→ Try it
Write out exactly the lines below that run from the one containing "Rectangle(EDGE_FLANGE3_RELIEF_W, EDGE_FLANGE3_RELIEF_H)" through the one containing "# Edge-Flange3 section", both included, with no other lines.
╭──
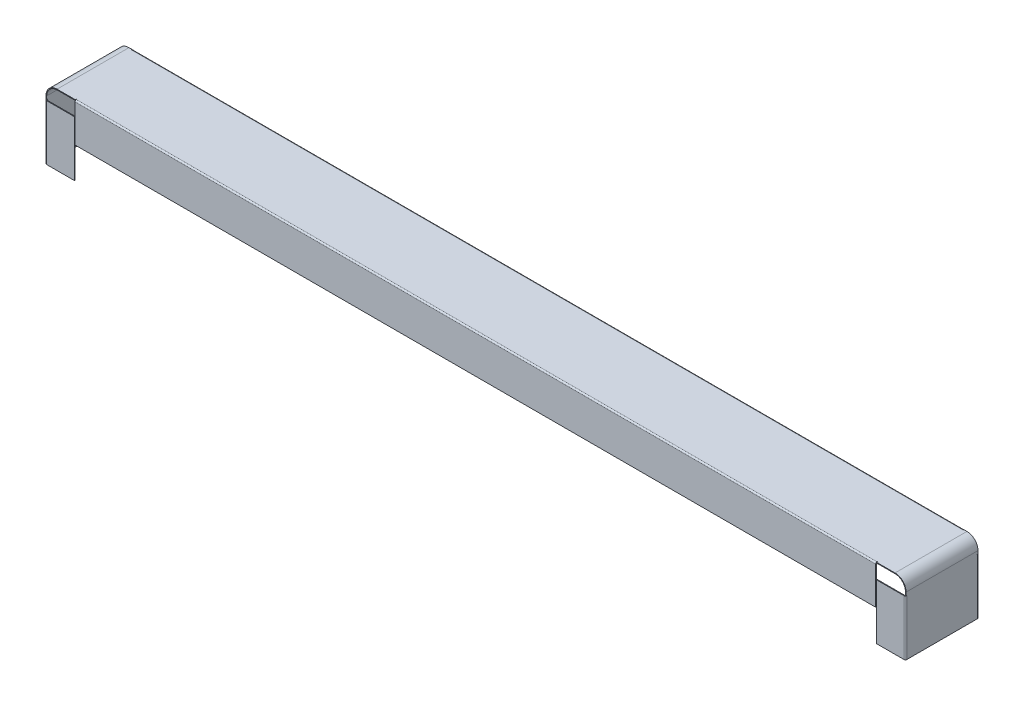
from build123d import *

# Parameters (mm, degrees)
BASE_FLANGE1_DEPTH             = 104
EDGE_FLANGE1_STRIP_W           = 6
EDGE_FLANGE1_STRIP_H           = 1
EDGE_FLANGE1_STRIP_CUT_DEPTH   = 1202
EDGE_FLANGE1_RELIEF_W          = 6.5
EDGE_FLANGE1_RELIEF_H          = 0.5
EDGE_FLANGE1_RELIEF_CUT_DEPTH  = 1
EDGE_FLANGE1_DEPTH             = 1202
EDGE_FLANGE2_STRIP_W           = 6
EDGE_FLANGE2_STRIP_H           = 1
EDGE_FLANGE2_STRIP_CUT_DEPTH   = 1202
EDGE_FLANGE2_DEPTH             = 1202
EDGE_FLANGE3_STRIP_W           = 6
EDGE_FLANGE3_STRIP_H           = 1
EDGE_FLANGE3_STRIP_CUT_DEPTH   = 80
EDGE_FLANGE3_RELIEF_W          = 6.5
EDGE_FLANGE3_RELIEF_H          = 0.5
EDGE_FLANGE3_RELIEF_CUT_DEPTH  = 1
EDGE_FLANGE3_DEPTH             = 80
EDGE_FLANGE4_STRIP_W           = 6
EDGE_FLANGE4_STRIP_H           = 1
EDGE_FLANGE4_STRIP_CUT_DEPTH   = 80
EDGE_FLANGE4_DEPTH             = 80
EDGE_FLANGE5_STRIP_W           = 6
EDGE_FLANGE5_STRIP_H           = 1
EDGE_FLANGE5_STRIP_CUT_DEPTH   = 1158
EDGE_FLANGE5_RELIEF_W          = 6.5
EDGE_FLANGE5_RELIEF_H          = 0.5
EDGE_FLANGE5_RELIEF_CUT_DEPTH  = 1
EDGE_FLANGE5_DEPTH             = 1158
EDGE_FLANGE6_STRIP_W           = 6
EDGE_FLANGE6_STRIP_H           = 1
EDGE_FLANGE6_STRIP_CUT_DEPTH   = 80
EDGE_FLANGE6_RELIEF_W          = 6.5
EDGE_FLANGE6_RELIEF_H          = 0.5
EDGE_FLANGE6_RELIEF_CUT_DEPTH  = 1
EDGE_FLANGE6_DEPTH             = 80
SKETCH25_R                     = 3
CUT_EXTRUDE1_DEPTH             = 3
SKETCH26_R                     = 3
CUT_EXTRUDE2_DEPTH             = 3
CUT_EXTRUDE2_DIRECTION_2_REACH = 1234.559


# Sheet-metal steps are written as plain solids
with BuildPart() as part:
    # Sketch1 → Base-Flange1 (new body)
    with BuildSketch(Plane.XY):
        with BuildLine():
            Line((-621, -100), (-621, -15))
            ThreePointArc((-621, -15), (-616.606601718, -4.393398282), (-606, 0))
            Line((-606, 0), (606, 0))
            ThreePointArc((606, 0), (616.606601718, -4.393398282), (621, -15))
            Line((621, -15), (621, -100))
            Line((621, -100), (622, -100))
            Line((622, -100), (622, -15))
            ThreePointArc((622, -15), (617.313708499, -3.686291501), (606, 1))
            Line((606, 1), (-606, 1))
            ThreePointArc((-606, 1), (-617.313708499, -3.686291501), (-622, -15))
            Line((-622, -15), (-622, -100))
            Line((-622, -100), (-621, -100))
        make_face()
    extrude(amount=BASE_FLANGE1_DEPTH)

    # Edge-Flange1 strip (across the edge) → Edge-Flange1 strip cut (cut)
    with BuildSketch(Plane(origin=(-601, 0, 0), x_dir=(0, 0, 1), z_dir=(1, 0, 0))):
        with Locations((-2, -0.5)):
            Rectangle(EDGE_FLANGE1_STRIP_W, EDGE_FLANGE1_STRIP_H)
    extrude(amount=EDGE_FLANGE1_STRIP_CUT_DEPTH, mode=Mode.SUBTRACT)

    # Edge-Flange1 relief (on the sheet) → Edge-Flange1 relief cut (cut)
    with BuildSketch(Plane(origin=(-601, 0, 1), x_dir=(0, 0, 1), z_dir=(0, -1, 0))):
        with Locations((-2.75, 0.25)):
            Rectangle(EDGE_FLANGE1_RELIEF_W, EDGE_FLANGE1_RELIEF_H)
        with Locations((-2.75, -1202.25)):
            Rectangle(EDGE_FLANGE1_RELIEF_W, EDGE_FLANGE1_RELIEF_H)
    extrude(amount=-EDGE_FLANGE1_RELIEF_CUT_DEPTH, mode=Mode.SUBTRACT)

    # Edge-Flange1 section (across the edge) → Edge-Flange1 (add)
    with BuildSketch(Plane(origin=(-601, 0, 0), x_dir=(0, 0, 1), z_dir=(1, 0, 0))):
        with BuildLine():
            Line((-1, 1), (-1, 19))
            Line((-1, 19), (0, 19))
            Line((0, 19), (0, 1))
            ThreePointArc((0, 1), (0.292893219, 0.292893219), (1, 0))
            Line((1, 0), (1, -1))
            ThreePointArc((1, -1), (-0.414213562, -0.414213562), (-1, 1))
        make_face()
    extrude(amount=EDGE_FLANGE1_DEPTH)

    # Edge-Flange2 strip (across the edge) → Edge-Flange2 strip cut (cut)
    with BuildSketch(Plane(origin=(-601, -19, 0), x_dir=(0, 1, 0), z_dir=(1, 0, 0))):
        with Locations((-1, -0.5)):
            Rectangle(EDGE_FLANGE2_STRIP_W, EDGE_FLANGE2_STRIP_H)
    extrude(amount=EDGE_FLANGE2_STRIP_CUT_DEPTH, mode=Mode.SUBTRACT)

    # Edge-Flange2 section (across the edge) → Edge-Flange2 (add)
    with BuildSketch(Plane(origin=(-601, -19, 0), x_dir=(0, 1, 0), z_dir=(1, 0, 0))):
        with BuildLine():
            Line((0, 1), (0, 18))
            Line((0, 18), (1, 18))
            Line((1, 18), (1, 1))
            ThreePointArc((1, 1), (1.292893219, 0.292893219), (2, 0))
            Line((2, 0), (2, -1))
            ThreePointArc((2, -1), (0.585786438, -0.414213562), (0, 1))
        make_face()
    extrude(amount=EDGE_FLANGE2_DEPTH)

    # Edge-Flange3 strip (across the edge) → Edge-Flange3 strip cut (cut)
    with BuildSketch(Plane(origin=(-621, -100, 0), x_dir=(0, 0, 1), z_dir=(0, 1, 0))):
        with Locations((-2, -0.5)):
            Rectangle(EDGE_FLANGE3_STRIP_W, EDGE_FLANGE3_STRIP_H)
    edge_flange3_strip_cut = extrude(amount=EDGE_FLANGE3_STRIP_CUT_DEPTH, mode=Mode.SUBTRACT)

    # Edge-Flange3 relief (on the sheet) → Edge-Flange3 relief cut (cut)
    with BuildSketch(Plane(origin=(-621, -100, 1), x_dir=(0, 0, 1), z_dir=(1, 0, 0))):
        with Locations((-2.75, -80.25)):
            Rectangle(EDGE_FLANGE3_RELIEF_W, EDGE_FLANGE3_RELIEF_H)
    edge_flange3_relief_cut = extrude(amount=-EDGE_FLANGE3_RELIEF_CUT_DEPTH, mode=Mode.SUBTRACT)

    # Edge-Flange3 section (across the edge) → Edge-Flange3 (add)
    with BuildSketch(Plane(origin=(-621, -100, 0), x_dir=(0, 0, 1), z_dir=(0, 1, 0))):
        with BuildLine():
            Line((-1, 1), (-1, 19))
            Line((-1, 19), (0, 19))
            Line((0, 19), (0, 1))
            ThreePointArc((0, 1), (0.292893219, 0.292893219), (1, 0))
            Line((1, 0), (1, -1))
            ThreePointArc((1, -1), (-0.414213562, -0.414213562), (-1, 1))
        make_face()
    edge_flange3 = extrude(amount=EDGE_FLANGE3_DEPTH)

    # Edge-Flange4 strip (across the edge) → Edge-Flange4 strip cut (cut)
    with BuildSketch(Plane(origin=(-602, -100, 0), x_dir=(-1, 0, 0), z_dir=(0, 1, 0))):
        with Locations((-1, -0.5)):
            Rectangle(EDGE_FLANGE4_STRIP_W, EDGE_FLANGE4_STRIP_H)
    edge_flange4_strip_cut = extrude(amount=EDGE_FLANGE4_STRIP_CUT_DEPTH, mode=Mode.SUBTRACT)

    # Edge-Flange4 section (across the edge) → Edge-Flange4 (add)
    with BuildSketch(Plane(origin=(-602, -100, 0), x_dir=(-1, 0, 0), z_dir=(0, 1, 0))):
        with BuildLine():
            Line((0, 1), (0, 18))
            Line((0, 18), (1, 18))
            Line((1, 18), (1, 1))
            ThreePointArc((1, 1), (1.292893219, 0.292893219), (2, 0))
            Line((2, 0), (2, -1))
            ThreePointArc((2, -1), (0.585786438, -0.414213562), (0, 1))
        make_face()
    edge_flange4 = extrude(amount=EDGE_FLANGE4_DEPTH)

    # Mirror1: Edge-Flange3 strip cut, Edge-Flange3 relief cut, Edge-Flange3, Edge-Flange4 strip cut, Edge-Flange4 across plane
    add(edge_flange3_strip_cut.mirror(Plane(origin=(0, 0, 0), x_dir=(0, 0, 1), z_dir=(1, 0, 0))), mode=Mode.SUBTRACT)
    add(edge_flange3_relief_cut.mirror(Plane(origin=(0, 0, 0), x_dir=(0, 0, 1), z_dir=(1, 0, 0))), mode=Mode.SUBTRACT)
    add(edge_flange3.mirror(Plane(origin=(0, 0, 0), x_dir=(0, 0, 1), z_dir=(1, 0, 0))))
    add(edge_flange4_strip_cut.mirror(Plane(origin=(0, 0, 0), x_dir=(0, 0, 1), z_dir=(1, 0, 0))), mode=Mode.SUBTRACT)
    add(edge_flange4.mirror(Plane(origin=(0, 0, 0), x_dir=(0, 0, 1), z_dir=(1, 0, 0))))

    # Edge-Flange5 strip (across the edge) → Edge-Flange5 strip cut (cut)
    with BuildSketch(Plane(origin=(579, 0, 104), x_dir=(0, 0, -1), z_dir=(-1, 0, 0))):
        with Locations((-2, -0.5)):
            Rectangle(EDGE_FLANGE5_STRIP_W, EDGE_FLANGE5_STRIP_H)
    extrude(amount=EDGE_FLANGE5_STRIP_CUT_DEPTH, mode=Mode.SUBTRACT)

    # Edge-Flange5 relief (on the sheet) → Edge-Flange5 relief cut (cut)
    with BuildSketch(Plane(origin=(579, 0, 103), x_dir=(0, 0, -1), z_dir=(0, -1, 0))):
        with Locations((-2.75, 0.25)):
            Rectangle(EDGE_FLANGE5_RELIEF_W, EDGE_FLANGE5_RELIEF_H)
        with Locations((-2.75, -1158.25)):
            Rectangle(EDGE_FLANGE5_RELIEF_W, EDGE_FLANGE5_RELIEF_H)
    extrude(amount=-EDGE_FLANGE5_RELIEF_CUT_DEPTH, mode=Mode.SUBTRACT)

    # Edge-Flange5 section (across the edge) → Edge-Flange5 (add)
    with BuildSketch(Plane(origin=(579, 0, 104), x_dir=(0, 0, -1), z_dir=(-1, 0, 0))):
        with BuildLine():
            Line((-1, 1), (-1, 55))
            Line((-1, 55), (0, 55))
            Line((0, 55), (0, 1))
            ThreePointArc((0, 1), (0.292893219, 0.292893219), (1, 0))
            Line((1, 0), (1, -1))
            ThreePointArc((1, -1), (-0.414213562, -0.414213562), (-1, 1))
        make_face()
    extrude(amount=EDGE_FLANGE5_DEPTH)

    # Edge-Flange6 strip (across the edge) → Edge-Flange6 strip cut (cut)
    with BuildSketch(Plane(origin=(621, -100, 104), x_dir=(0, 0, -1), z_dir=(0, 1, 0))):
        with Locations((-2, -0.5)):
            Rectangle(EDGE_FLANGE6_STRIP_W, EDGE_FLANGE6_STRIP_H)
    edge_flange6_strip_cut = extrude(amount=EDGE_FLANGE6_STRIP_CUT_DEPTH, mode=Mode.SUBTRACT)

    # Edge-Flange6 relief (on the sheet) → Edge-Flange6 relief cut (cut)
    with BuildSketch(Plane(origin=(621, -100, 103), x_dir=(0, 0, -1), z_dir=(-1, 0, 0))):
        with Locations((-2.75, -80.25)):
            Rectangle(EDGE_FLANGE6_RELIEF_W, EDGE_FLANGE6_RELIEF_H)
    edge_flange6_relief_cut = extrude(amount=-EDGE_FLANGE6_RELIEF_CUT_DEPTH, mode=Mode.SUBTRACT)

    # Edge-Flange6 section (across the edge) → Edge-Flange6 (add)
    with BuildSketch(Plane(origin=(621, -100, 104), x_dir=(0, 0, -1), z_dir=(0, 1, 0))):
        with BuildLine():
            Line((-1, 1), (-1, 41))
            Line((-1, 41), (0, 41))
            Line((0, 41), (0, 1))
            ThreePointArc((0, 1), (0.292893219, 0.292893219), (1, 0))
            Line((1, 0), (1, -1))
            ThreePointArc((1, -1), (-0.414213562, -0.414213562), (-1, 1))
        make_face()
    edge_flange6 = extrude(amount=EDGE_FLANGE6_DEPTH)

    # Mirror2: Edge-Flange6 strip cut, Edge-Flange6 relief cut, Edge-Flange6 across plane
    add(edge_flange6_strip_cut.mirror(Plane(origin=(0, 0, 0), x_dir=(0, 0, 1), z_dir=(1, 0, 0))), mode=Mode.SUBTRACT)
    add(edge_flange6_relief_cut.mirror(Plane(origin=(0, 0, 0), x_dir=(0, 0, 1), z_dir=(1, 0, 0))), mode=Mode.SUBTRACT)
    add(edge_flange6.mirror(Plane(origin=(0, 0, 0), x_dir=(0, 0, 1), z_dir=(1, 0, 0))))

    # Sketch25 → Cut-Extrude1 (cut)
    with BuildSketch(Plane.XZ.offset(19)):
        with Locations(Location((-540, 12, 0), (0, 0, 270))):
            Circle(SKETCH25_R)
        with Locations(Location((-360, 12, 0), (0, 0, 270))):
            Circle(SKETCH25_R)
        with Locations(Location((-180, 12, 0), (0, 0, 270))):
            Circle(SKETCH25_R)
        with Locations(Location((0, 12, 0), (0, 0, 270))):
            Circle(SKETCH25_R)
        with Locations(Location((180, 12, 0), (0, 0, 270))):
            Circle(SKETCH25_R)
        with Locations(Location((360, 12, 0), (0, 0, 270))):
            Circle(SKETCH25_R)
        with Locations(Location((540, 12, 0), (0, 0, 270))):
            Circle(SKETCH25_R)
    extrude(amount=-CUT_EXTRUDE1_DEPTH, mode=Mode.SUBTRACT)

    # Sketch26 → Cut-Extrude2 (cut)
    with BuildSketch(Plane(origin=(-602, 0, 0), x_dir=(0, 0, -1), z_dir=(1, 0, 0))):
        with Locations((-12, -68)):
            Circle(SKETCH26_R)
    extrude(amount=-CUT_EXTRUDE2_DEPTH, mode=Mode.SUBTRACT)

    # Cut-Extrude2 direction 2: up to this face of the body (flat: up to its plane)
    cut_extrude2_direction_2_end = Plane(part.part.faces().sort_by_distance((603, -60, 9.5))[0])
    # Sketch26 → Cut-Extrude2 direction 2 (cut, up to the picked face)
    with BuildSketch(Plane(origin=(-602, 0, 0), x_dir=(0, 0, -1), z_dir=(1, 0, 0)), mode=Mode.PRIVATE) as cut_extrude2_direction_2_sk1:
        with Locations((-12, -68)):
            Circle(SKETCH26_R)
    cut_extrude2_direction_2_tool1 = split(extrude(cut_extrude2_direction_2_sk1.sketch, amount=CUT_EXTRUDE2_DIRECTION_2_REACH, mode=Mode.PRIVATE), bisect_by=cut_extrude2_direction_2_end, keep=Keep.BOTH, mode=Mode.PRIVATE)
    add(cut_extrude2_direction_2_tool1.solids().sort_by(Axis((-602, -68, 12), (1, 0, 0)))[0], mode=Mode.SUBTRACT)


solid = part.part
╰──
→ Answer for this exercise
            Rectangle(EDGE_FLANGE3_RELIEF_W, EDGE_FLANGE3_RELIEF_H)
    edge_flange3_relief_cut = extrude(amount=-EDGE_FLANGE3_RELIEF_CUT_DEPTH, mode=Mode.SUBTRACT)

    # Edge-Flange3 section (across the edge) → Edge-Flange3 (add)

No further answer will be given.